Recently, Weekly On Stocks released comprehensive strength rankings of listed real estate companies in 2018. As the only publication designated by the China Securities Regulatory Commission to disclose information about listed companies, it was recognized by American Journal Association as one of the top ten financial media in the world. Weekly On Stocks, based in the securities industry and oriented to the financial and economic fields, is a combination of news coverage, authoritativeness and professionalism. 125 major listed real estate companies were ranked in terms of static financial security, dynamic financial security, operational efficiency, growth potential and scale effect of the listed real estate companies. 
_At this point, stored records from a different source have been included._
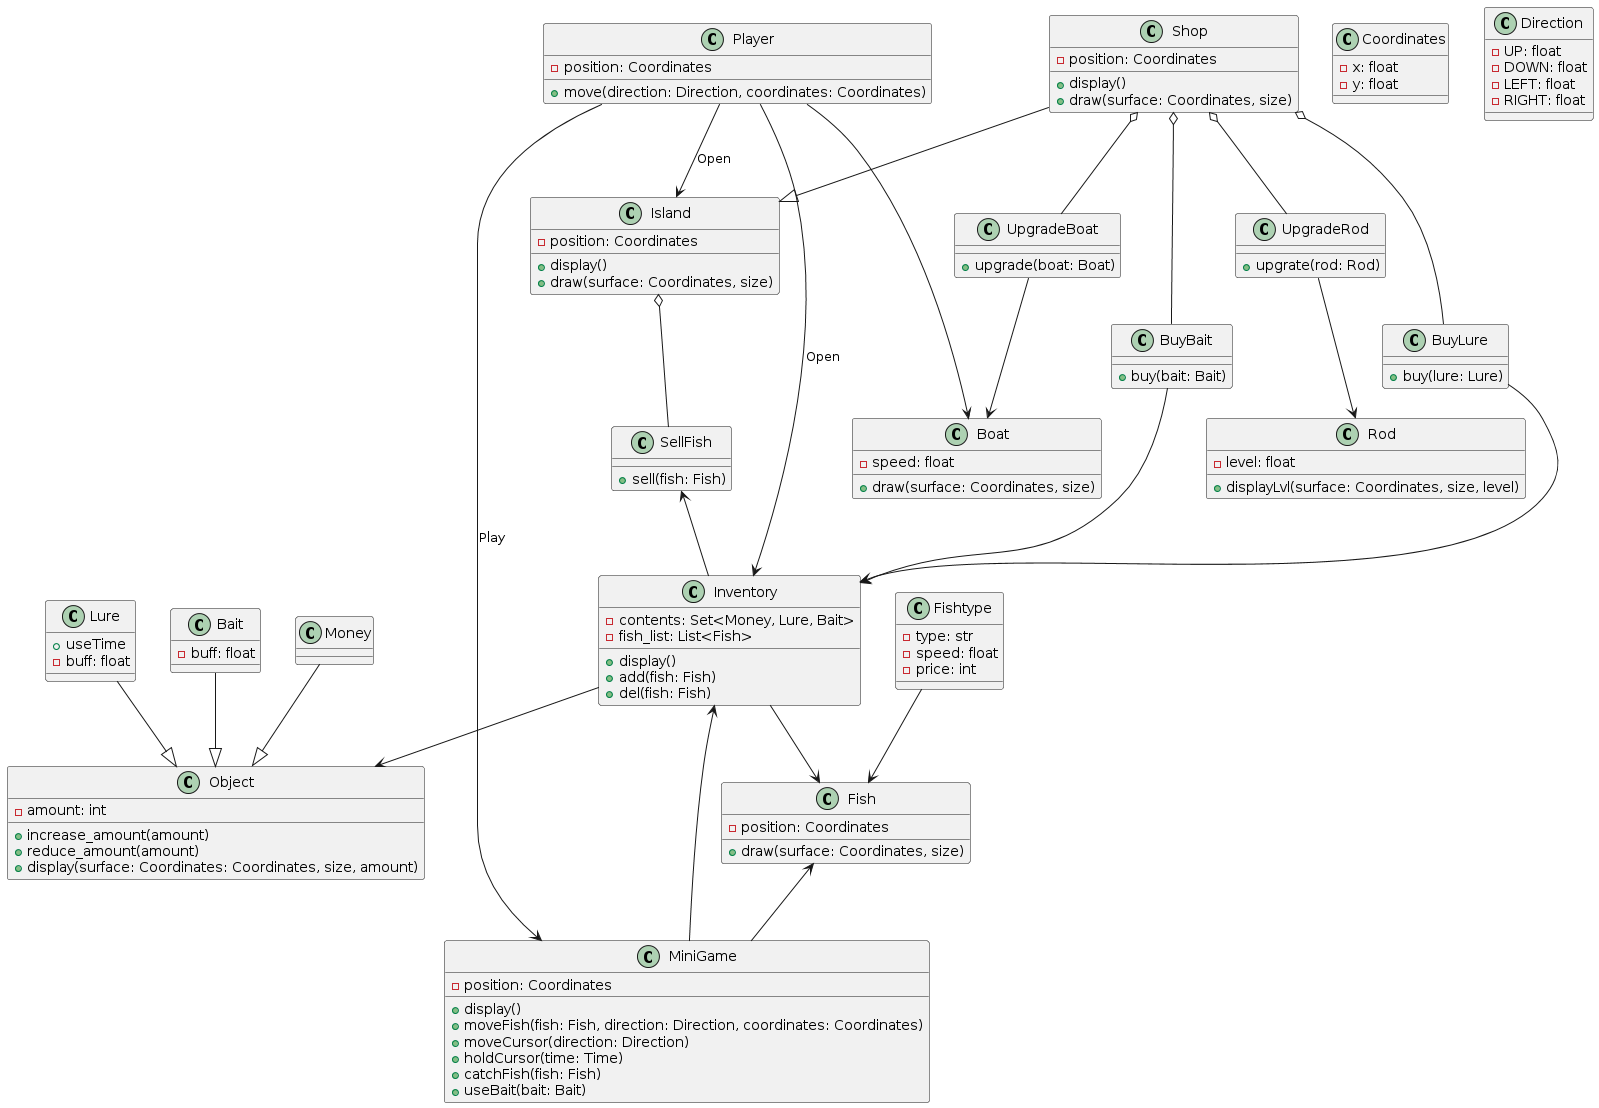

The diagram above was rendered by PlantUML. Its source (embedded in the PNG):
@startuml
class Player {
    -position: Coordinates
    +move(direction: Direction, coordinates: Coordinates)
}

class Inventory {
    +display()
    -contents: Set<Money, Lure, Bait>
    -fish_list: List<Fish>
    +add(fish: Fish)
    +del(fish: Fish)
}

class Object {
    - amount: int
    + increase_amount(amount)
    + reduce_amount(amount)
    + display(surface: Coordinates: Coordinates, size, amount)
}

class Money {}

class Fish {
    -position: Coordinates
    +draw(surface: Coordinates, size)
}
class Fishtype {
    -type: str
    -speed: float
    -price: int
}

class Lure {
    +useTime
    -buff: float
}

class Bait {
    -buff: float
}

class Coordinates {
    -x: float
    -y: float
}

class Direction {
    -UP: float
    -DOWN: float
    -LEFT: float
    -RIGHT: float
}

class Boat {
    -speed: float
    +draw(surface: Coordinates, size)
}

class Rod {
    -level: float
    +displayLvl(surface: Coordinates, size, level)
}

class MiniGame {
    -position: Coordinates
    +display()
    +moveFish(fish: Fish, direction: Direction, coordinates: Coordinates)
    +moveCursor(direction: Direction)
    +holdCursor(time: Time)
    +catchFish(fish: Fish)
    +useBait(bait: Bait)
}

class Shop {
    -position: Coordinates
    +display()
    +draw(surface: Coordinates, size)
}

class Island {
    -position: Coordinates
    +display()
    +draw(surface: Coordinates, size)
}

class SellFish {
    +sell(fish: Fish)
}

class UpgradeBoat {
    +upgrade(boat: Boat)
}

class UpgradeRod {
    +upgrate(rod: Rod)
}

class BuyBait {
    +buy(bait: Bait)
}

class BuyLure {
    +buy(lure: Lure)
}



Player -> Inventory : Open
Inventory --> Object
Inventory --> Fish
Lure --|> Object
Bait --|> Object
Money --|> Object
Fish <-- MiniGame
Player --> Boat
Player ---> MiniGame : Play
MiniGame --> Inventory 
Player --> Island : Open
Fishtype --> Fish
BuyBait --> Inventory
BuyLure --> Inventory
SellFish <-- Inventory
UpgradeBoat --> Boat
UpgradeRod --> Rod
Shop o-- UpgradeBoat
Shop o-- UpgradeRod
Shop o-- BuyBait
Shop o-- BuyLure
Shop --|> Island
Island o-- SellFish
@enduml
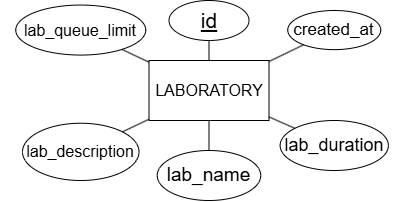

The diagram above was exported from draw.io. Its source (the exported page's mxGraphModel, read from the mxfile embedded in the PNG):
<mxGraphModel dx="972" dy="568" grid="1" gridSize="10" guides="1" tooltips="1" connect="1" arrows="1" fold="1" page="1" pageScale="1" pageWidth="3300" pageHeight="4681" math="0" shadow="0">
  <root>
    <mxCell id="0" />
    <mxCell id="1" parent="0" />
    <mxCell id="eZEQzJpoxFegiJevOiYL-19" value="LABORATORY" style="rounded=0;whiteSpace=wrap;html=1;fontSize=16;" vertex="1" parent="1">
      <mxGeometry x="626.5" y="130" width="120" height="60" as="geometry" />
    </mxCell>
    <mxCell id="eZEQzJpoxFegiJevOiYL-20" value="&lt;span&gt;id&lt;/span&gt;" style="ellipse;whiteSpace=wrap;html=1;fontStyle=4;fontSize=21;" vertex="1" parent="1">
      <mxGeometry x="646.5" y="70" width="80" height="40" as="geometry" />
    </mxCell>
    <mxCell id="eZEQzJpoxFegiJevOiYL-21" value="" style="endArrow=none;html=1;rounded=0;" edge="1" parent="1" source="eZEQzJpoxFegiJevOiYL-19" target="eZEQzJpoxFegiJevOiYL-20">
      <mxGeometry width="50" height="50" relative="1" as="geometry">
        <mxPoint x="666.5" y="150" as="sourcePoint" />
        <mxPoint x="716.5" y="100" as="targetPoint" />
      </mxGeometry>
    </mxCell>
    <mxCell id="eZEQzJpoxFegiJevOiYL-23" value="&lt;span&gt;lab_name&lt;/span&gt;" style="ellipse;whiteSpace=wrap;html=1;fontStyle=0;fontSize=19;" vertex="1" parent="1">
      <mxGeometry x="634.75" y="220" width="103.5" height="50" as="geometry" />
    </mxCell>
    <mxCell id="eZEQzJpoxFegiJevOiYL-24" value="" style="endArrow=none;html=1;rounded=0;" edge="1" parent="1" source="eZEQzJpoxFegiJevOiYL-23" target="eZEQzJpoxFegiJevOiYL-19">
      <mxGeometry width="50" height="50" relative="1" as="geometry">
        <mxPoint x="806.5" y="150" as="sourcePoint" />
        <mxPoint x="856.5" y="100" as="targetPoint" />
      </mxGeometry>
    </mxCell>
    <mxCell id="eZEQzJpoxFegiJevOiYL-27" value="&lt;span&gt;lab_duration&lt;/span&gt;" style="ellipse;whiteSpace=wrap;html=1;fontStyle=0;fontSize=18;" vertex="1" parent="1">
      <mxGeometry x="757.63" y="190" width="108.25" height="50" as="geometry" />
    </mxCell>
    <mxCell id="eZEQzJpoxFegiJevOiYL-28" value="" style="endArrow=none;html=1;rounded=0;" edge="1" parent="1" source="eZEQzJpoxFegiJevOiYL-19" target="eZEQzJpoxFegiJevOiYL-27">
      <mxGeometry width="50" height="50" relative="1" as="geometry">
        <mxPoint x="706.5" y="150" as="sourcePoint" />
        <mxPoint x="756.5" y="100" as="targetPoint" />
      </mxGeometry>
    </mxCell>
    <mxCell id="eZEQzJpoxFegiJevOiYL-29" value="created_at" style="ellipse;whiteSpace=wrap;html=1;fontStyle=0;fontSize=17;" vertex="1" parent="1">
      <mxGeometry x="765.25" y="80" width="93" height="39.12" as="geometry" />
    </mxCell>
    <mxCell id="eZEQzJpoxFegiJevOiYL-30" value="" style="endArrow=none;html=1;rounded=0;" edge="1" parent="1" source="eZEQzJpoxFegiJevOiYL-19" target="eZEQzJpoxFegiJevOiYL-29">
      <mxGeometry width="50" height="50" relative="1" as="geometry">
        <mxPoint x="796.5" y="150" as="sourcePoint" />
        <mxPoint x="846.5" y="100" as="targetPoint" />
      </mxGeometry>
    </mxCell>
    <mxCell id="eZEQzJpoxFegiJevOiYL-31" value="&lt;span&gt;lab_description&lt;/span&gt;" style="ellipse;whiteSpace=wrap;html=1;fontStyle=0;fontSize=16;" vertex="1" parent="1">
      <mxGeometry x="500" y="192.75" width="116.5" height="57.25" as="geometry" />
    </mxCell>
    <mxCell id="eZEQzJpoxFegiJevOiYL-32" value="" style="endArrow=none;html=1;rounded=0;" edge="1" parent="1" source="eZEQzJpoxFegiJevOiYL-31" target="eZEQzJpoxFegiJevOiYL-19">
      <mxGeometry width="50" height="50" relative="1" as="geometry">
        <mxPoint x="657.5" y="236" as="sourcePoint" />
        <mxPoint x="679.5" y="200" as="targetPoint" />
      </mxGeometry>
    </mxCell>
    <mxCell id="eZEQzJpoxFegiJevOiYL-33" value="lab_queue_limit" style="ellipse;whiteSpace=wrap;html=1;fontStyle=0;fontSize=16;" vertex="1" parent="1">
      <mxGeometry x="493.25" y="74.56" width="130" height="50" as="geometry" />
    </mxCell>
    <mxCell id="eZEQzJpoxFegiJevOiYL-34" value="" style="endArrow=none;html=1;" edge="1" parent="1" source="eZEQzJpoxFegiJevOiYL-19" target="eZEQzJpoxFegiJevOiYL-33">
      <mxGeometry width="50" height="50" relative="1" as="geometry">
        <mxPoint x="676.5" y="250" as="sourcePoint" />
        <mxPoint x="726.5" y="200" as="targetPoint" />
      </mxGeometry>
    </mxCell>
  </root>
</mxGraphModel>

Landsea ranked 15th among the top 20 listed real estate companies in 2018, and received full marks in terms of three indicators, i.e. dynamic financial security, operational efficiency and growth potential.

Static financial security and dynamic financial security reflect the financial security status of real estate enterprises from static and dynamic perspectives respectively; operational efficiency and growth potential reflect the operation condition and strategic execution of real estate enterprises. Finally, scale effect is not only the embodiment of the comprehensive competitive strength of the enterprises, but also affects the financing ability, the ability to acquire projects and the ability to spread risk to a certain extent.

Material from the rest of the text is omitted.